# Our plunge down the flume



## Katnapper (Aug 22, 2009)

We took a 2 day little mini-vacation in July to Chicago... to Six Flags Over Chicago and the Museum of Science and Industry. I normally don't buy the pics they take and try to sell you. But this one of us going down the log flume (Jesse's expression in particular) was priceless... had to have it!

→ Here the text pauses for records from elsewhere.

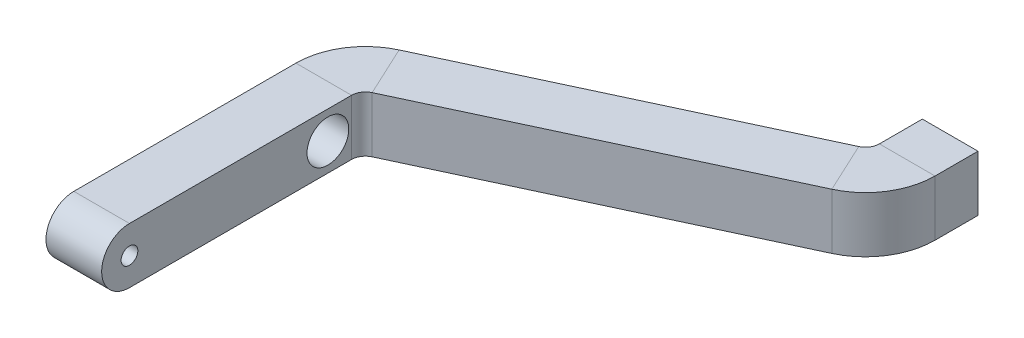
ISO-10303-21;
HEADER;
FILE_DESCRIPTION(('STEP AP214'),'2;1');
FILE_NAME('part.step','',(''),(''),'','','');
FILE_SCHEMA(('AUTOMOTIVE_DESIGN { 1 0 10303 214 1 1 1 1 }'));
ENDSEC;
DATA;
#1=APPLICATION_CONTEXT('core data for automotive mechanical design processes');
#2=APPLICATION_PROTOCOL_DEFINITION('international standard','automotive_design',2000,#1);
#3=PRODUCT_CONTEXT('',#1,'mechanical');
#4=PRODUCT('Part','Part','',(#3));
#5=PRODUCT_RELATED_PRODUCT_CATEGORY('part','',(#4));
#6=PRODUCT_DEFINITION_FORMATION('','',#4);
#7=PRODUCT_DEFINITION_CONTEXT('part definition',#1,'design');
#8=PRODUCT_DEFINITION('design','',#6,#7);
#9=PRODUCT_DEFINITION_SHAPE('','',#8);
#10=(LENGTH_UNIT() NAMED_UNIT(*) SI_UNIT(.MILLI.,.METRE.));
#11=(NAMED_UNIT(*) PLANE_ANGLE_UNIT() SI_UNIT($,.RADIAN.));
#12=(NAMED_UNIT(*) SI_UNIT($,.STERADIAN.) SOLID_ANGLE_UNIT());
#13=UNCERTAINTY_MEASURE_WITH_UNIT(LENGTH_MEASURE(1.E-05),#10,'distance_accuracy_value','');
#14=(GEOMETRIC_REPRESENTATION_CONTEXT(3) GLOBAL_UNCERTAINTY_ASSIGNED_CONTEXT((#13)) GLOBAL_UNIT_ASSIGNED_CONTEXT((#10,
#11,#12)) REPRESENTATION_CONTEXT('',''));
#15=CARTESIAN_POINT('',(0.,0.,0.));
#16=DIRECTION('',(0.,0.,1.));
#17=DIRECTION('',(1.,0.,0.));
#18=AXIS2_PLACEMENT_3D('',#15,#16,#17);
#19=CARTESIAN_POINT('',(-280.,0.,350.));
#20=DIRECTION('',(-1.,0.,0.));
#21=DIRECTION('',(0.,0.,1.));
#22=AXIS2_PLACEMENT_3D('',#19,#20,#21);
#23=CYLINDRICAL_SURFACE('',#22,20.);
#24=DIRECTION('',(-1.,0.,0.));
#25=VECTOR('',#24,1.);
#26=CARTESIAN_POINT('',(-280.,20.,350.));
#27=LINE('',#26,#25);
#28=CARTESIAN_POINT('',(-280.,20.,350.));
#29=VERTEX_POINT('',#28);
#30=CARTESIAN_POINT('',(-240.,20.,350.));
#31=VERTEX_POINT('',#30);
#32=EDGE_CURVE('E245',#29,#31,#27,.F.);
#33=ORIENTED_EDGE('',*,*,#32,.F.);
#34=CARTESIAN_POINT('',(-280.,0.,350.));
#35=DIRECTION('',(-1.,0.,0.));
#36=DIRECTION('',(0.,0.,1.));
#37=AXIS2_PLACEMENT_3D('',#34,#35,#36);
#38=CIRCLE('',#37,20.);
#39=CARTESIAN_POINT('',(-280.,-20.,350.));
#40=VERTEX_POINT('',#39);
#41=EDGE_CURVE('E46',#40,#29,#38,.T.);
#42=ORIENTED_EDGE('',*,*,#41,.F.);
#43=DIRECTION('',(-1.,0.,0.));
#44=VECTOR('',#43,1.);
#45=CARTESIAN_POINT('',(-280.,-20.,350.));
#46=LINE('',#45,#44);
#47=CARTESIAN_POINT('',(-240.,-20.,350.));
#48=VERTEX_POINT('',#47);
#49=EDGE_CURVE('E257',#48,#40,#46,.T.);
#50=ORIENTED_EDGE('',*,*,#49,.F.);
#51=CARTESIAN_POINT('',(-240.,0.,350.));
#52=DIRECTION('',(1.,0.,0.));
#53=DIRECTION('',(0.,0.,-1.));
#54=AXIS2_PLACEMENT_3D('',#51,#52,#53);
#55=CIRCLE('',#54,20.);
#56=EDGE_CURVE('E11',#31,#48,#55,.T.);
#57=ORIENTED_EDGE('',*,*,#56,.F.);
#58=EDGE_LOOP('',(#33,#42,#50,#57));
#59=FACE_BOUND('',#58,.T.);
#60=ADVANCED_FACE('F37',(#59),#23,.T.);
#61=CARTESIAN_POINT('',(0.,0.,0.));
#62=DIRECTION('',(0.,0.,1.));
#63=DIRECTION('',(1.,0.,0.));
#64=AXIS2_PLACEMENT_3D('',#61,#62,#63);
#65=PLANE('',#64);
#66=CARTESIAN_POINT('',(0.,0.,0.));
#67=DIRECTION('',(0.,0.,-1.));
#68=DIRECTION('',(-1.,0.,0.));
#69=AXIS2_PLACEMENT_3D('',#66,#67,#68);
#70=CIRCLE('',#69,10.);
#71=CARTESIAN_POINT('',(-10.,0.,0.));
#72=VERTEX_POINT('',#71);
#73=EDGE_CURVE('E269',#72,#72,#70,.T.);
#74=ORIENTED_EDGE('',*,*,#73,.F.);
#75=EDGE_LOOP('',(#74));
#76=FACE_BOUND('',#75,.T.);
#77=DIRECTION('',(0.,1.,0.));
#78=VECTOR('',#77,1.);
#79=CARTESIAN_POINT('',(20.,20.,0.));
#80=LINE('',#79,#78);
#81=CARTESIAN_POINT('',(20.,-20.,0.));
#82=VERTEX_POINT('',#81);
#83=CARTESIAN_POINT('',(20.,20.,0.));
#84=VERTEX_POINT('',#83);
#85=EDGE_CURVE('E145',#82,#84,#80,.T.);
#86=ORIENTED_EDGE('',*,*,#85,.F.);
#87=DIRECTION('',(1.,0.,0.));
#88=VECTOR('',#87,1.);
#89=CARTESIAN_POINT('',(-20.,-20.,0.));
#90=LINE('',#89,#88);
#91=CARTESIAN_POINT('',(-20.,-20.,0.));
#92=VERTEX_POINT('',#91);
#93=EDGE_CURVE('E130',#92,#82,#90,.T.);
#94=ORIENTED_EDGE('',*,*,#93,.F.);
#95=DIRECTION('',(0.,-1.,0.));
#96=VECTOR('',#95,1.);
#97=CARTESIAN_POINT('',(-20.,20.,0.));
#98=LINE('',#97,#96);
#99=CARTESIAN_POINT('',(-20.,20.,0.));
#100=VERTEX_POINT('',#99);
#101=EDGE_CURVE('E124',#100,#92,#98,.T.);
#102=ORIENTED_EDGE('',*,*,#101,.F.);
#103=DIRECTION('',(-1.,0.,0.));
#104=VECTOR('',#103,1.);
#105=CARTESIAN_POINT('',(-20.,20.,0.));
#106=LINE('',#105,#104);
#107=EDGE_CURVE('E127',#84,#100,#106,.T.);
#108=ORIENTED_EDGE('',*,*,#107,.F.);
#109=EDGE_LOOP('',(#86,#94,#102,#108));
#110=FACE_BOUND('',#109,.T.);
#111=ADVANCED_FACE('F126',(#76,#110),#65,.F.);
#112=CARTESIAN_POINT('',(-20.,20.,0.));
#113=DIRECTION('',(-1.,0.,0.));
#114=DIRECTION('',(0.,-1.,0.));
#115=AXIS2_PLACEMENT_3D('',#112,#113,#114);
#116=PLANE('',#115);
#117=DIRECTION('',(0.,0.,1.));
#118=VECTOR('',#117,1.);
#119=CARTESIAN_POINT('',(-20.,-20.,0.));
#120=LINE('',#119,#118);
#121=CARTESIAN_POINT('',(-20.,-20.,30.8878921757752));
#122=VERTEX_POINT('',#121);
#123=EDGE_CURVE('E152',#92,#122,#120,.T.);
#124=ORIENTED_EDGE('',*,*,#123,.T.);
#125=DIRECTION('',(0.,-1.,0.));
#126=VECTOR('',#125,1.);
#127=CARTESIAN_POINT('',(-20.,20.,30.8878921757752));
#128=LINE('',#127,#126);
#129=CARTESIAN_POINT('',(-20.,20.,30.8878921757752));
#130=VERTEX_POINT('',#129);
#131=EDGE_CURVE('E150',#130,#122,#128,.T.);
#132=ORIENTED_EDGE('',*,*,#131,.F.);
#133=DIRECTION('',(0.,0.,1.));
#134=VECTOR('',#133,1.);
#135=CARTESIAN_POINT('',(-20.,20.,0.));
#136=LINE('',#135,#134);
#137=EDGE_CURVE('E142',#100,#130,#136,.T.);
#138=ORIENTED_EDGE('',*,*,#137,.F.);
#139=ORIENTED_EDGE('',*,*,#101,.T.);
#140=EDGE_LOOP('',(#124,#132,#138,#139));
#141=FACE_BOUND('',#140,.T.);
#142=ADVANCED_FACE('F148',(#141),#116,.T.);
#143=CARTESIAN_POINT('',(-20.,-20.,0.));
#144=DIRECTION('',(0.,-1.,0.));
#145=DIRECTION('',(0.,0.,-1.));
#146=AXIS2_PLACEMENT_3D('',#143,#144,#145);
#147=PLANE('',#146);
#148=DIRECTION('',(0.,0.,1.));
#149=VECTOR('',#148,1.);
#150=CARTESIAN_POINT('',(20.,-20.,0.));
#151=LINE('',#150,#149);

I'm in the back having a great time! Brad (hubby) is enjoying it too, even if he is trying to hang on to his hat. But my son, Jesse... omg... I had no idea he was so scared taking the plunge at the end. :huh: From the expression on his face, he looks as if we were headed straight into jagged rocks, or into the gaping mouth of a people-eating monster! :lol:


----------



## revmdn (Aug 22, 2009)

That is too funny! Looks like ya'll had a good time.


----------



## Rick (Aug 22, 2009)

Something seems off about the pic.


----------



## Katnapper (Aug 22, 2009)

Rick said:


> Something seems off about the pic.


That's exactly what I thought at first. Then I realized they don't put the whole actual pic in the finished photo they give you. The pic of us in the log is real.... but the surrounding log and background of the "fall" is made up... like a fantasy pic that they just insert you in.


----------



## Rick (Aug 22, 2009)

Katnapper said:


> That's exactly what I thought at first. Then I realized they don't put the whole actual pic in the finished photo they give you. The pic of us in the log is real.... but the surrounding log and background of the "fall" is made up... like a fantasy pic that they just insert you in.


I knew it was not a real background. So it is a real pic of you on the ride but they add the fake background? That doesn't make much sense.


----------



## PhilinYuma (Aug 22, 2009)

Rick said:


> I knew it was not a real background. So it is a real pic of you on the ride but they add the fake background? That doesn't make much sense.


It sells pix, though!


----------



## hibiscusmile (Aug 22, 2009)

Dear Me, you need to get the boy therapy now!


----------



## Katnapper (Aug 22, 2009)

Rick said:


> I knew it was not a real background. So it is a real pic of you on the ride but they add the fake background? That doesn't make much sense.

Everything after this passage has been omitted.